Having said that, even if most papers were vastly simplified I doubt that many
topics could be lowered to ELI5.

------
ww520
Two things.

1\. A misplaced comma adds substantial confusion: "during a critical section,
a thread may not block, or be pre-empted by the scheduler." This sounds like
the thread may not block OR if it's blocked, the scheduler would preempt it,
which doesn't make sense in regarding to the readers using the critical
section. It should read: "during a critical section, a thread may not block
and it would NOT be preempted by the scheduler." That just means a thread in a
critical section is guaranteed to run to the end of the critical section
without worrying about other threads preempting it. It owns the processor
until the end of the critical section.

Then it makes sense.

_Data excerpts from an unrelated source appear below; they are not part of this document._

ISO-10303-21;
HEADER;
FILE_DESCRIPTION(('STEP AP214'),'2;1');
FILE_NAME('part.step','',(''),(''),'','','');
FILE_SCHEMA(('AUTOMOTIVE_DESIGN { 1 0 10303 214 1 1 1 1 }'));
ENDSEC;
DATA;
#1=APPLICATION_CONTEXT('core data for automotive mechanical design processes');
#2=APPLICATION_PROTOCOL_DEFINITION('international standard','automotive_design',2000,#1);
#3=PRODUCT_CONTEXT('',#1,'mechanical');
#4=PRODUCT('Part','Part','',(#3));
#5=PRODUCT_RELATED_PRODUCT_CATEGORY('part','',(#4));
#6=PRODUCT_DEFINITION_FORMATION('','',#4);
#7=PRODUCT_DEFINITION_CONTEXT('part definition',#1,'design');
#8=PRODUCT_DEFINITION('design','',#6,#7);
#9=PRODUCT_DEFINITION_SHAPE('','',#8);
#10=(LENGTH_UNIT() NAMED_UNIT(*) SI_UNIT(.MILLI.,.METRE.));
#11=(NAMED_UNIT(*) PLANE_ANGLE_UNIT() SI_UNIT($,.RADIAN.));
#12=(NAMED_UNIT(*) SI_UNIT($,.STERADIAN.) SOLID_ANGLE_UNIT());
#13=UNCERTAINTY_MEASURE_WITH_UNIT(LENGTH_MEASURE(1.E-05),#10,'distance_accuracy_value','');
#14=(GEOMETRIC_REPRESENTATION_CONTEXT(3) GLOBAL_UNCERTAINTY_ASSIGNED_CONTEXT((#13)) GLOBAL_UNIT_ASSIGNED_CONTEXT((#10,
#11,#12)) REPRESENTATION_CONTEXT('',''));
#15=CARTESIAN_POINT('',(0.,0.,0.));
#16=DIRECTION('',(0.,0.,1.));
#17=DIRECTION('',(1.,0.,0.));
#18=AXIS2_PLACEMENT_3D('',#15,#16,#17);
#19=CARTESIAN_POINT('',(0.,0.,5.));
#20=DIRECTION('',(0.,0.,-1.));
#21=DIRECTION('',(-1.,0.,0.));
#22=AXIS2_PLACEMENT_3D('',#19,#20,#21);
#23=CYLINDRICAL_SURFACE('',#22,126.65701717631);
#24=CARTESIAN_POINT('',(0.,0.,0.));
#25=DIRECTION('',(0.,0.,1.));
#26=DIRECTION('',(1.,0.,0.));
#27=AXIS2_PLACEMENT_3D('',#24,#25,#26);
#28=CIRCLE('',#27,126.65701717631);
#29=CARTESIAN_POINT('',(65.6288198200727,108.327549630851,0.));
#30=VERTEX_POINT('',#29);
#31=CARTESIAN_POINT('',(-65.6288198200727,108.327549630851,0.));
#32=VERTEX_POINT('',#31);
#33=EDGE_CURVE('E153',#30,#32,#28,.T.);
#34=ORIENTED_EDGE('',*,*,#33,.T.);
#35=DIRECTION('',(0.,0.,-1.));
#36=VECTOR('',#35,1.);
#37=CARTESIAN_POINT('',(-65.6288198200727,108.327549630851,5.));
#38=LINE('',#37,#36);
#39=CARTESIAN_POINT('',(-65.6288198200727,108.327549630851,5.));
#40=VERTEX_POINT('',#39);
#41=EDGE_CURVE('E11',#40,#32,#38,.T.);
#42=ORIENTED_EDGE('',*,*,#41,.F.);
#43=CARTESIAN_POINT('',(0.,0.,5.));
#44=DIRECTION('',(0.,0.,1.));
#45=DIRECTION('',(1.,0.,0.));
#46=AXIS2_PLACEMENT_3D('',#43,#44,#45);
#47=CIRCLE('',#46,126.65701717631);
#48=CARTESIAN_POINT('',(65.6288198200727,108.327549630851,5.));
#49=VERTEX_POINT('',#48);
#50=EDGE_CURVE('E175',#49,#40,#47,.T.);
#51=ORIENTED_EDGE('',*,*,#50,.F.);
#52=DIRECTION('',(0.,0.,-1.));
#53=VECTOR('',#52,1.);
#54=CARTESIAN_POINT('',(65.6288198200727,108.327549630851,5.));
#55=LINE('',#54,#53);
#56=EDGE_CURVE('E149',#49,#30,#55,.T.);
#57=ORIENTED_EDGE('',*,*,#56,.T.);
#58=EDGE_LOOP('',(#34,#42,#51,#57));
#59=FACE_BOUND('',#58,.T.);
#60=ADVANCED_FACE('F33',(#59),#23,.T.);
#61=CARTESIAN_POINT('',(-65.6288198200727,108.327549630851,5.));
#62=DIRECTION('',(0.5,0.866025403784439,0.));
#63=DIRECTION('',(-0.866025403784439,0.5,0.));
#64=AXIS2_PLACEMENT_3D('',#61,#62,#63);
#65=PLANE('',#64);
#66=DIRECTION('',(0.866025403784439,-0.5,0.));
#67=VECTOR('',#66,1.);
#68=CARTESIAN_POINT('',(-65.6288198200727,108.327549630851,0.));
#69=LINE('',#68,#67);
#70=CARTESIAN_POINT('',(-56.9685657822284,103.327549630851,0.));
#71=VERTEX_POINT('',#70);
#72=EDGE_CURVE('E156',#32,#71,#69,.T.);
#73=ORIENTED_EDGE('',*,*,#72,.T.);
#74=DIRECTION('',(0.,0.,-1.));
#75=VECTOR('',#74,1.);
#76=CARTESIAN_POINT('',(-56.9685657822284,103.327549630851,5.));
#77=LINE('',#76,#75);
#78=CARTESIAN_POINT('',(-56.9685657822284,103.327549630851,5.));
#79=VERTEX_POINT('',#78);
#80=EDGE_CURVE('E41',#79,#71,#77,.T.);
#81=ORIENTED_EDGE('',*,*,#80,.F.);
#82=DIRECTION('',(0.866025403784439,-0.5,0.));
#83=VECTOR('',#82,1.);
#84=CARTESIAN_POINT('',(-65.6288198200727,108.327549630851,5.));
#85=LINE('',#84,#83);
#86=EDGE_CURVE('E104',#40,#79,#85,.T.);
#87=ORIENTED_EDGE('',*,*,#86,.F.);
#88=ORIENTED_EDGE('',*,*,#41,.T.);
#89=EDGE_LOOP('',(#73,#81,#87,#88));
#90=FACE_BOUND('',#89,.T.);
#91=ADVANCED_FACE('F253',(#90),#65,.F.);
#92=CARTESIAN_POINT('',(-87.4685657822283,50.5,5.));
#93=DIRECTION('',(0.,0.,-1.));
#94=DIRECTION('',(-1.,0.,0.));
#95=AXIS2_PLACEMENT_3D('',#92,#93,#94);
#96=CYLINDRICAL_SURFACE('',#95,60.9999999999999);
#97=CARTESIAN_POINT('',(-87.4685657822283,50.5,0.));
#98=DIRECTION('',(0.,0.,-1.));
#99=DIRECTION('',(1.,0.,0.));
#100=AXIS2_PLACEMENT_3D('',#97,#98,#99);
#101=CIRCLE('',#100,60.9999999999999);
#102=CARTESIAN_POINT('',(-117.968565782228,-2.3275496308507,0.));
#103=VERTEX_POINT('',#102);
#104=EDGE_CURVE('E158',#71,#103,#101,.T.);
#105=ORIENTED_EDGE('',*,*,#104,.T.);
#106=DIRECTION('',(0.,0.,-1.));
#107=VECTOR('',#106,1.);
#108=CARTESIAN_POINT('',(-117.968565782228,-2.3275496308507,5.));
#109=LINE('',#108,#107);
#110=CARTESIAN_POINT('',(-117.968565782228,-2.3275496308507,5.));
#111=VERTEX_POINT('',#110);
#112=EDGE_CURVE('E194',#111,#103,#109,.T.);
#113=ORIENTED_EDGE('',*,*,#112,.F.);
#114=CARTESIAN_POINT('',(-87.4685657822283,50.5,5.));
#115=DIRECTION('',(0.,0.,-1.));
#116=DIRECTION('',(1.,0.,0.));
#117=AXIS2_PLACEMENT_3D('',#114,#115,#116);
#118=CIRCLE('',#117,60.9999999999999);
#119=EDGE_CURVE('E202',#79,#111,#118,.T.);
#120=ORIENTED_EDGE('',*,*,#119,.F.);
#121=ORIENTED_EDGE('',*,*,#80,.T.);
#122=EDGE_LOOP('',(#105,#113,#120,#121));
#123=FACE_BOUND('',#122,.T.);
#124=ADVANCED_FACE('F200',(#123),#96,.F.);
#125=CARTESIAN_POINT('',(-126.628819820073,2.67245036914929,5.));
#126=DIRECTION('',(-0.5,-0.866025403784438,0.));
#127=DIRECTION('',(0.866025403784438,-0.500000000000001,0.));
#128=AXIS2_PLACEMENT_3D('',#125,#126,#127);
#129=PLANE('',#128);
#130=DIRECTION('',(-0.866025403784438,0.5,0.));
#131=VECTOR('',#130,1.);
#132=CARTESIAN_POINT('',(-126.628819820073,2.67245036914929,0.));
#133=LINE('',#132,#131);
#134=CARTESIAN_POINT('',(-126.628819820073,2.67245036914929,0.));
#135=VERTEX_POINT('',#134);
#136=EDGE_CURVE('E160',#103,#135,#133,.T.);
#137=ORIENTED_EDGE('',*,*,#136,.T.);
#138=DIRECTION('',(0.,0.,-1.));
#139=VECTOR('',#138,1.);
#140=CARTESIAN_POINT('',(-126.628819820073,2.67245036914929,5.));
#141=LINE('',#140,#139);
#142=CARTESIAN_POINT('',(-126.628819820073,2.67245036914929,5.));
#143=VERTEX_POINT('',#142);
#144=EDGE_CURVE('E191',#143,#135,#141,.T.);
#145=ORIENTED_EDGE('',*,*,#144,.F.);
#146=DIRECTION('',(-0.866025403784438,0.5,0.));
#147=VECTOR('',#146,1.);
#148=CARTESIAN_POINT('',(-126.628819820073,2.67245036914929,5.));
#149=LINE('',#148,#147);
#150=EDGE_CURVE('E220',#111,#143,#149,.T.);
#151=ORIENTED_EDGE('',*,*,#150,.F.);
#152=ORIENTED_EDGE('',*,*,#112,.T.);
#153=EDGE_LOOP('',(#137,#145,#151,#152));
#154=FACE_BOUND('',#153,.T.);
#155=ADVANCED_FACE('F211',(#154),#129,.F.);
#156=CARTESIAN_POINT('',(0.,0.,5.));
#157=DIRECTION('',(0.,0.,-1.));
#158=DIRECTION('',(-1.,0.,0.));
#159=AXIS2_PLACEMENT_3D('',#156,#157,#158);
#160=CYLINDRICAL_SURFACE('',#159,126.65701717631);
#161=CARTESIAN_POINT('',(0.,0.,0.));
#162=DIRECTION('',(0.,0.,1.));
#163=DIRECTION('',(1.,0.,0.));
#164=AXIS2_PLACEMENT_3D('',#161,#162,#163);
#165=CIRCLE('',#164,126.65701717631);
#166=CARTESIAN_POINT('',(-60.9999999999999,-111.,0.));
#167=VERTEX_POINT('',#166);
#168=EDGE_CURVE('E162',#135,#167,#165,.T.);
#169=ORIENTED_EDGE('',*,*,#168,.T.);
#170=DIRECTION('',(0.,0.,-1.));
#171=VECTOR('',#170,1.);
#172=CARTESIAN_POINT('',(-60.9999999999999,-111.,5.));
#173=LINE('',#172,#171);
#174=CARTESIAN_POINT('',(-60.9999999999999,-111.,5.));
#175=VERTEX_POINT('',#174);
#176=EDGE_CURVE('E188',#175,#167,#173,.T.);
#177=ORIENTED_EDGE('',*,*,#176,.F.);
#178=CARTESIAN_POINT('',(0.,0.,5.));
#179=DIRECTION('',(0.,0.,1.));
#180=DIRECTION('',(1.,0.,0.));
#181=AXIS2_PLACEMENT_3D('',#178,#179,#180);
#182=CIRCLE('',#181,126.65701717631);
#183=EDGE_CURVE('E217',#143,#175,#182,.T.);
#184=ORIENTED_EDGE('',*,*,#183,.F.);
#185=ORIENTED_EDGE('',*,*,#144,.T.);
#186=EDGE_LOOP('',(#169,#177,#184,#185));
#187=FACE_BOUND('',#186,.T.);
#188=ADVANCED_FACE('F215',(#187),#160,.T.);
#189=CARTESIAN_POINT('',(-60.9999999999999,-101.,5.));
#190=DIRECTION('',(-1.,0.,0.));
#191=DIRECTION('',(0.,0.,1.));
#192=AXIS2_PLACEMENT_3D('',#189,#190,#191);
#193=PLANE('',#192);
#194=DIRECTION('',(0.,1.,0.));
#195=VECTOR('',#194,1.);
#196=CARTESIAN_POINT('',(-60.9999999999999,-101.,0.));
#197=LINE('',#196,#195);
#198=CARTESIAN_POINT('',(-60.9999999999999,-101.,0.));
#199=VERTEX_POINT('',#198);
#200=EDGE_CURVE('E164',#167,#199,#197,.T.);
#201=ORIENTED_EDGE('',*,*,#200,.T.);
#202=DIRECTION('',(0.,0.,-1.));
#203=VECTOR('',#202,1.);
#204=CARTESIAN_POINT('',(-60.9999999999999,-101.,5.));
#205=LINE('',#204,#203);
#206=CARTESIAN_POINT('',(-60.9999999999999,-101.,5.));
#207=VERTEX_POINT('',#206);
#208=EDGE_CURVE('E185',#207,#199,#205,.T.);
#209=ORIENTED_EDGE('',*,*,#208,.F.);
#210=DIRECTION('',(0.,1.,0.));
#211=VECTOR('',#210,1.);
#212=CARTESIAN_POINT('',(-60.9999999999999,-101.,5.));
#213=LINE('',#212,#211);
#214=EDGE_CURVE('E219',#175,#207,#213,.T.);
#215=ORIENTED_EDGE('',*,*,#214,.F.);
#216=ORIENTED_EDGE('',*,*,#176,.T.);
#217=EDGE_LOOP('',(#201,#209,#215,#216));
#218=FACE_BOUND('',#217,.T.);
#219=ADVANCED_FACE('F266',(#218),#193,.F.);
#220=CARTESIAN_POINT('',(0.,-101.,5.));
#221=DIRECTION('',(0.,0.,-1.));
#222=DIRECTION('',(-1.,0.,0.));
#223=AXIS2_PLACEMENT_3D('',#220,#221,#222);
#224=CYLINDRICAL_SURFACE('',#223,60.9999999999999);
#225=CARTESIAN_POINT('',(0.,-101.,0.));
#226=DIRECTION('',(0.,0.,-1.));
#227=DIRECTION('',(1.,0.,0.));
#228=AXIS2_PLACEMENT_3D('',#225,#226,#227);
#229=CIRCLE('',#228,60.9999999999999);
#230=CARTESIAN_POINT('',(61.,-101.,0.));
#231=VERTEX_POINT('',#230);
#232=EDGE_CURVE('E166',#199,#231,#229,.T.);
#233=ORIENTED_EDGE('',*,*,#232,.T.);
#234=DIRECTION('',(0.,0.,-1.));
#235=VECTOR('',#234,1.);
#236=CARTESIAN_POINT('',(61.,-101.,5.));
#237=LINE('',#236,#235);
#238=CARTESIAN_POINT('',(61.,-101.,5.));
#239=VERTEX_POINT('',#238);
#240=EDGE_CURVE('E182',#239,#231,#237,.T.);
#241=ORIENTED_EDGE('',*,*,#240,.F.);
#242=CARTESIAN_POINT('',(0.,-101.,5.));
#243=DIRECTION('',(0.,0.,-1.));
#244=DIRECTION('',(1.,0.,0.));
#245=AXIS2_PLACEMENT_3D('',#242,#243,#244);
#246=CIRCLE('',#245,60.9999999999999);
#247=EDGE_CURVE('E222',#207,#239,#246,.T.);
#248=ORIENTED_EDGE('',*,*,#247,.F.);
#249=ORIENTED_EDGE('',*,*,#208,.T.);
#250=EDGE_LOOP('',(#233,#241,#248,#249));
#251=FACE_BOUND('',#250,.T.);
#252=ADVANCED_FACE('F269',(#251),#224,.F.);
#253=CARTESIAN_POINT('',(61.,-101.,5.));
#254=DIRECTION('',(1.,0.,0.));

When the readers exit the critical section, they have
done dealing with the old shared data. The writer's scheduled thread won't
preempt the reader threads in critical section, and when it runs, it means the
readers have finished.

2\. Critical section is a form of lock. I don't see how it can be claimed
lock-free. May be it should say critical section help avoid inter-processor
locking.

------
simscitizen
You can do a variant of this in userspace as well:

[https://github.com/opensource-
apple/objc4/blob/master/runtim...](https://github.com/opensource-
apple/objc4/blob/master/runtime/objc-cache.mm#L37-L53)

Basically, issue a syscall that acquires the PC of all threads. When none of
the PCs are in the critical section, then you can garbage collect old objects.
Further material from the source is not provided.